At the 2:05 mark of this video, I introduced an unexpected variation on the illegal-immigration theme. “The biggest mass killing this past weekend did not take place in Aurora, Colorado,” I told them. “It took place in Goliad, Texas.”

The other panelists looked at me as if I were crazy, which at least a few of them think I am. For that matter, I imagine most readers of this article don’t know what I am talking about.

Here is what happened. On July 22, less than 48 hours after the Colorado shooting, a Mexican coyote lost control of his Ford F-250 pick-up truck at high speed on Highway 59 outside of Goliad and killed 14 of the 22 Central Americans on board. Most had been laid out on the truck bed like sardines.

The driver, 22-year-old Ricardo Mendoza-Pineda, died in the crash as well. As the responders discovered the hard way, he was the only person on the truck with ID, in his case a driver’s license from the Mexican state of Tamaulipas.

“This is coming as news to many of your viewers,” I told the show’s host. “This was a criminal act that resulted in 15 deaths. And no one wants to talk about it because it has no useful political value for the people who determine what’s news and what’s not.”

“People go to the movie theater every single day,” retorted Kansas City Star reporter Mary Sanchez, who was at least aware of the Texas horror. “That resonates with people.”

To a degree, Sanchez was right. The movie theater shooting has more implicit news value, but I think we can agree that if a tea-party activist murdered 14 Central American day laborers in front of a Home Depot on July 22, it would still be headline news today.

Certainly, when a man opened fire in a Sikh temple in Wisconsin on Sunday, an establishment few Star readers might ever frequent, the story got top billing in the Star’s online morning brief.

The Star headlined the Wisconsin story, “Deadly rampage at Sikh temple in Wisconsin considered terrorism.” By contrast, the headline the Star gave the Texas story would be comical were it not so tragic, “Official: Tire likely caused deadly Texas crash.”

Think about this. A driver, likely part of a human-trafficking ring, cruelly stuffs 22 illegals into a pickup truck and kills 14 of them, and the Star blames a tire?

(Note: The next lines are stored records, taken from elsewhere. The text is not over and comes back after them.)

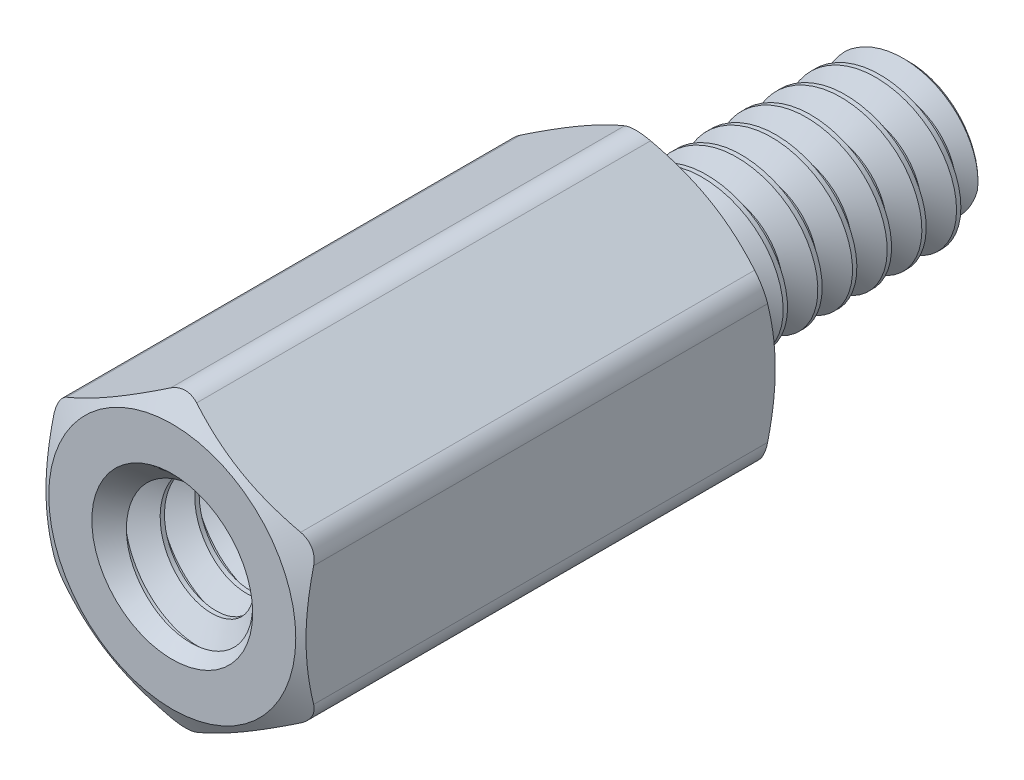
SolidWorks part; units mm, degrees
ref_plane "Front Plane" through (0, 0, 0) normal (0, 0, 1) x (1, 0, 0)
ref_plane "Top Plane" through (0, 0, 0) normal (0, 1, 0) x (1, 0, 0)
ref_plane "Right Plane" through (0, 0, 0) normal (1, 0, 0) x (0, 0, -1)
sketch "Sketch1" plane through (0, 0, 0) normal (0, 0, 1) x (1, 0, 0)
  line L1 (2.3813, 1.3748) -> (0, 2.7496)
  line L2 (0, 2.7496) -> (-2.3812, 1.3748)
  line L3 (-2.3812, 1.3748) -> (-2.3812, -1.3748)
  line L4 (-2.3812, -1.3748) -> (0, -2.7496)
  line L5 (0, -2.7496) -> (2.3813, -1.3748)
  line L6 (2.3813, -1.3748) -> (2.3813, 1.3748)
  circle A0 centre (0, 0) radius 2.3812 construction
  point P10 (0, -2.3812)
  dimension "Hex Size" = 4.7625
sketch "Sketch2" plane through (0, 0, 0) normal (1, 0, 0) x (0, 0, -1)
  line L0 (4.7625, 0) -> (-8.7312, 0) construction
  line L2 (0, 1.4224) -> (0, -1.4224) construction
  line L3 (-2.3813, 1.4224) -> (-2.3813, -1.4224) construction
  line L4 (-9.3266, 1.4911) -> (-9.0091, 0.9412) construction
  line L5 (-9.0091, 0.9412) -> (-8.6916, 1.4911) construction
  line L6 (-8.6916, 1.4911) -> (-9.3266, 1.4911) construction
  line L7 (-9.2869, 1.4224) -> (-8.7312, 1.4224) construction
  line L8 (-9.0488, 1.01) -> (-8.9694, 1.01) construction
  line L9 (-9.0091, 1.01) -> (-9.0091, 0.9412) construction
  line L10 (-9.0091, 1.4224) -> (-9.0091, 1.4911) construction
  line L11 (4.7228, 1.4911) -> (5.3578, 1.4911) construction
  line L12 (5.3578, 1.4911) -> (5.0403, 0.9412) construction
  line L13 (5.0403, 0.9412) -> (4.7228, 1.4911) construction
  line L14 (4.7625, 1.4224) -> (5.3181, 1.4224) construction
  line L15 (5.0006, 1.01) -> (5.08, 1.01) construction
  line L16 (5.0403, 1.01) -> (5.0403, 0.9412) construction
  line L17 (5.0403, 1.4224) -> (5.0403, 1.4911) construction
  line L18 (0, 2.7496) -> (-8.7312, 2.7496) construction
  point P6 (0, 0)
  point P9 (-2.3813, 0)
  dimension "Length" = 8.7312
sketch "Sketch3" plane through (0, 0, 0) normal (1, 0, 0) x (0, 0, -1)
  line L0 (-2.3813, 0) -> (4.7625, 0)
  line L1 (-2.3813, 1.4224) -> (-2.3813, -1.4224) construction
  line L2 (4.7625, 0) -> (4.7625, 1.2637)
  line L3 (4.7625, 1.2637) -> (4.6038, 1.4224)
  line L4 (4.6038, 1.4224) -> (0.8096, 1.4224)
  line L5 (0.8096, 1.4224) -> (0.5715, 1.01)
  line L6 (-2.3813, 0) -> (-2.3813, 1.2636)
  line L7 (-2.3813, 1.2636) -> (-2.54, 1.4224)
  line L8 (-2.54, 1.4224) -> (-8.5725, 1.4224)
  line L9 (-8.5725, 1.4224) -> (-8.7312, 1.5811)
  line L10 (4.6038, 0) -> (4.6038, -1.4224) construction
  line L11 (-8.7312, 1.5811) -> (-8.7312, 2.3812)
  line L12 (-8.7312, 2.3812) -> (0, 2.3812)
  line L14 (0.5715, 1.01) -> (0.1587, 1.01)
  line L15 (0, 1.1687) -> (0, 2.3812)
  arc A0 (0, 1.1687) -> (0.1587, 1.01) centre (0.1587, 1.1687) ccw
  point P5 (-8.7312, -2.3812)
  point P8 (-7.1437, -1.4224)
  point P9 (3.175, -1.4224)
  point P27 (0, 1.01)
  dimension "D4" = 0.1588
  dimension "D2" = 0.1588
  dimension "D1" = 45
  dimension "D6" = 1.5875
  dimension "D7" = 60
  dimension "D3" = 1.5875
  dimension "D5" = 0.5715
revolve "Revolve1" add sketch "Sketch3" angle 360 about L0 region at (0, 1.2491, 1.3448)
sketch "Sketch4" plane through (0, 0, 8.7312) normal (0, 0, 1) x (1, 0, 0)
  line L0 (0, 2.3812) -> (0, 1.4224) construction
  line L1 (-2.3812, 1.3748) -> (-2.3812, -1.3748)
  line L2 (-2.3812, -1.3748) -> (0, -2.7496)
  line L3 (0, -2.7496) -> (2.3812, -1.3748)
  line L4 (2.3812, -1.3748) -> (2.3812, 1.3748)
  line L5 (2.3812, 1.3748) -> (0, 2.7496)
  line L6 (0, 2.7496) -> (-2.3812, 1.3748)
  circle A0 centre (0, 0) radius 2.3812 construction
  circle A1 centre (0, 0) radius 1.9018
  circle A2 centre (0, 0) radius 2.3812 construction
  point P16 (0, 1.9018)
extrude "Boss-Extrude1" add sketch "Sketch4" against normal up to surface (8.7312 mm away) up to face at (0, 2.3812, 0)
sketch "Sketch5" plane through (0, 0, 8.7312) normal (0, 0, 1) x (1, 0, 0)
  line L0 (-0.8159, 1.1652) -> (0.8159, -1.1652) construction
  line L1 (0, 1.4224) -> (0, -1.4224) construction
  line L3 (0, -2.9435) -> (0, 2.9435) construction
  circle A0 centre (0, 0) radius 2.2622
  point P11 (0.8159, -1.1652)
  dimension "D1" = 4.5244
  dimension "D2" = 35
extrude "Cut-Extrude1" cut sketch "Sketch5" against normal through all draft 60 flip side to cut
sketch "Sketch6" plane through (0, 0, 0) normal (0, 0, -1) x (-1, 0, 0)
  circle A0 centre (0, 0) radius 2.2622
  circle A1 centre (0, 0) radius 2.2622 construction
extrude "Cut-Extrude2" cut sketch "Sketch6" against normal through all draft 60 flip side to cut
fillet "Fillet1" radius 0.4763 6 edges at (0, 2.7496, 4.3656) (-2.3812, -1.3748, 4.3656) (0, -2.7496, 4.3656) (2.3812, -1.3748, 4.3656) (2.3812, 1.3748, 4.3656) (-2.3812, 1.3748, 4.3656)
sketch "Drawing1" plane through (0, 0, 0) normal (1, 0, 0) x (0, 0, -1)
  line L0 (-8.7312, 1.4224) -> (-2.3813, 1.4224) construction
  line L1 (-2.3813, 1.4224) -> (-2.3813, -1.4224) construction
  line L2 (-2.3813, -1.4224) -> (-8.7312, -1.4224) construction
sketch "Sketch7" plane through (0, 0, 0) normal (-1, 0, 0) x (0, 0, 1)
  line L0 (-5.0006, 1.01) -> (-5.08, 1.01)
  line L1 (-5.08, 1.01) -> (-5.338, 1.4568)
  line L2 (-5.3578, 1.4911) -> (-5.0403, 0.9412) construction
  line L3 (-5.338, 1.4568) -> (-4.7427, 1.4568)
  line L4 (-5.0403, 0.9412) -> (-4.7228, 1.4911) construction
  line L5 (-4.7427, 1.4568) -> (-5.0006, 1.01)
  line L6 (-5.0403, 1.4224) -> (-5.0403, 1.4911) construction
  point P12 (-5.0403, 1.4568)
sketch "Sketch8" plane through (0, 0, -4.7625) normal (0, 0, -1) x (-1, 0, 0)
  circle A0 centre (0, 0) radius 1.4224
curve "Helix/Spiral1" pitch 0.635 height 4.6196 radius 1.4224 centre (0, 0, -4.7625) axis (0, 0, 1) start towards (0, 1, 0)
sweep "Cut-Sweep1" cut profiles "Sketch7" path "Helix/Spiral1" align with end faces yes
sketch "Sketch9" plane through (0, 0, 2.3813) normal (0, 0, 1) x (1, 0, 0)
  circle A0 centre (0, 0) radius 1.5811
extrude "Boss-Extrude2" add sketch "Sketch9" along normal up to surface (6.35 mm away) up to face at (0, 1.5811, 8.7312)
sketch "Sketch10" plane through (0, 0, 0) normal (1, 0, 0) x (0, 0, -1)
  line L0 (4.7625, 0) -> (-8.7312, 0) construction
  line L1 (-2.3813, 1.4224) -> (-8.7312, 1.4224)
  line L2 (-2.3813, 1.4224) -> (-2.3813, 0)
  line L3 (-2.3813, 0) -> (-8.7312, 0)
  line L4 (-8.7312, 1.4224) -> (-8.7312, 0)
revolve "Revolve2" add sketch "Sketch10" angle 360 about L0
sketch "Sketch11" plane through (0, 0, 8.7312) normal (0, 0, 1) x (1, 0, 0)
  circle A0 centre (0, 0) radius 1.4224
  circle A1 centre (0, 0) radius 1.4224 construction
sketch "Sketch12" plane through (0, 0, 0) normal (1, 0, 0) x (0, 0, -1)
  line L0 (-9.0488, 1.01) -> (-8.9694, 1.01)
  line L1 (-8.9694, 1.01) -> (-8.7114, 1.4568)
  line L2 (-9.0091, 0.9412) -> (-8.6916, 1.4911) construction
  line L3 (-8.7114, 1.4568) -> (-9.3067, 1.4568)
  line L4 (-9.3266, 1.4911) -> (-9.0091, 0.9412) construction
  line L5 (-9.3067, 1.4568) -> (-9.0488, 1.01)
  line L6 (-9.0091, 1.4224) -> (-9.0091, 1.4911) construction
  point P12 (-9.0091, 1.4568)
curve "Helix/Spiral2" pitch 0.635 height 6.985 radius 1.4224 centre (0, 0, 8.7312) axis (0, 0, -1) start towards (0, 1, 0)
sweep "Cut-Sweep2" cut profiles "Sketch12" path "Helix/Spiral2" align with end faces yes
combine bodies "Combine1" operation type subtract main body 113 bodies to subtract 114
sketch "Sketch13" plane through (0, 0, 8.7312) normal (0, 0, 1) x (1, 0, 0)
  circle A0 centre (0, 0) radius 1.4732
  dimension "D1" = 0.0508
extrude "Cut-Extrude3" cut sketch "Sketch13" against normal through all draft 45
equation "\"Thread Pitch (B)/8@Sketch2\"=\"Thread Pitch (B)@Sketch2\"/8"
equation "\"Thread Pitch (A)/8@Sketch2\"=\"Thread Pitch (A)@Sketch2\"/8"
equation "\"D1@Sketch5\" = \"Hex Size@Sketch1\" * .95"
equation "\"D1@Fillet1\" = \"Hex Size@Sketch1\" * .1"
equation "\"D2@Sketch3\" = \"Thread Pitch (A)@Sketch2\" * .25"
equation "\"D4@Sketch3\" = \"D2@Sketch3\""
equation "\"D6@Sketch3\" = \"Thread Pitch (A)@Sketch2\" * 2.5"
equation "\"D3@Helix/Spiral1\" = \"Thread Length (A)@Sketch2\" - \"D5@Sketch3\" * .25"
equation "\"D4@Helix/Spiral1\" = \"Thread Pitch (A)@Sketch2\""
equation "\"D3@Sketch3\" = \"Thread Pitch (B)@Sketch2\" * 2.5"
equation "\"D5@Sketch3\" = \"Thread Length (A)@Sketch2\" * .12"
equation "\"D3@Helix/Spiral2\" = \"Minimum Thread Length (B)@Sketch2\" + \"Thread Pitch (B)@Sketch2\""
equation "\"D4@Helix/Spiral2\" = \"Thread Pitch (B)@Sketch2\""

In fact, the media buried the Goliad story because the only people they could conceivably blame for the crash, other than the tire company, were themselves and their political allies.

Time Magazine, which covered the story better than most, portrays the smugglers as the villains, and they certainly deserve their share of the blame. As Time points out, federal agents have rescued 240 illegals and found the remains of 80 others so far in 2012, and these are just in the Rio Grande Valley area of Texas.

As with drugs, however, there would be no point in trafficking if there were no demand for the product. The demand for illegal aliens comes not only from those who knowingly employ them, but also from those who enable the employers.

The roll call of enablers is a long and ignoble one. It includes everyone from self-serving politicians to self-righteous media to self-deluding church people.

The human traffickers must sit up and smile every time a mayor declares his a “sanctuary” city; every time a pastor speaks of immigration as a “life” issue; every time a politician uses the word “undocumented” instead of “illegal”; every time a pundit attacks the local Republican as a “nativist” or “xenophobe.”

And when President Obama – by fiat – turned illegals into “dreamers,” he gave the traffickers a recruitment tool they can go to the bank on for years to come.

But now, if we could only make better tires!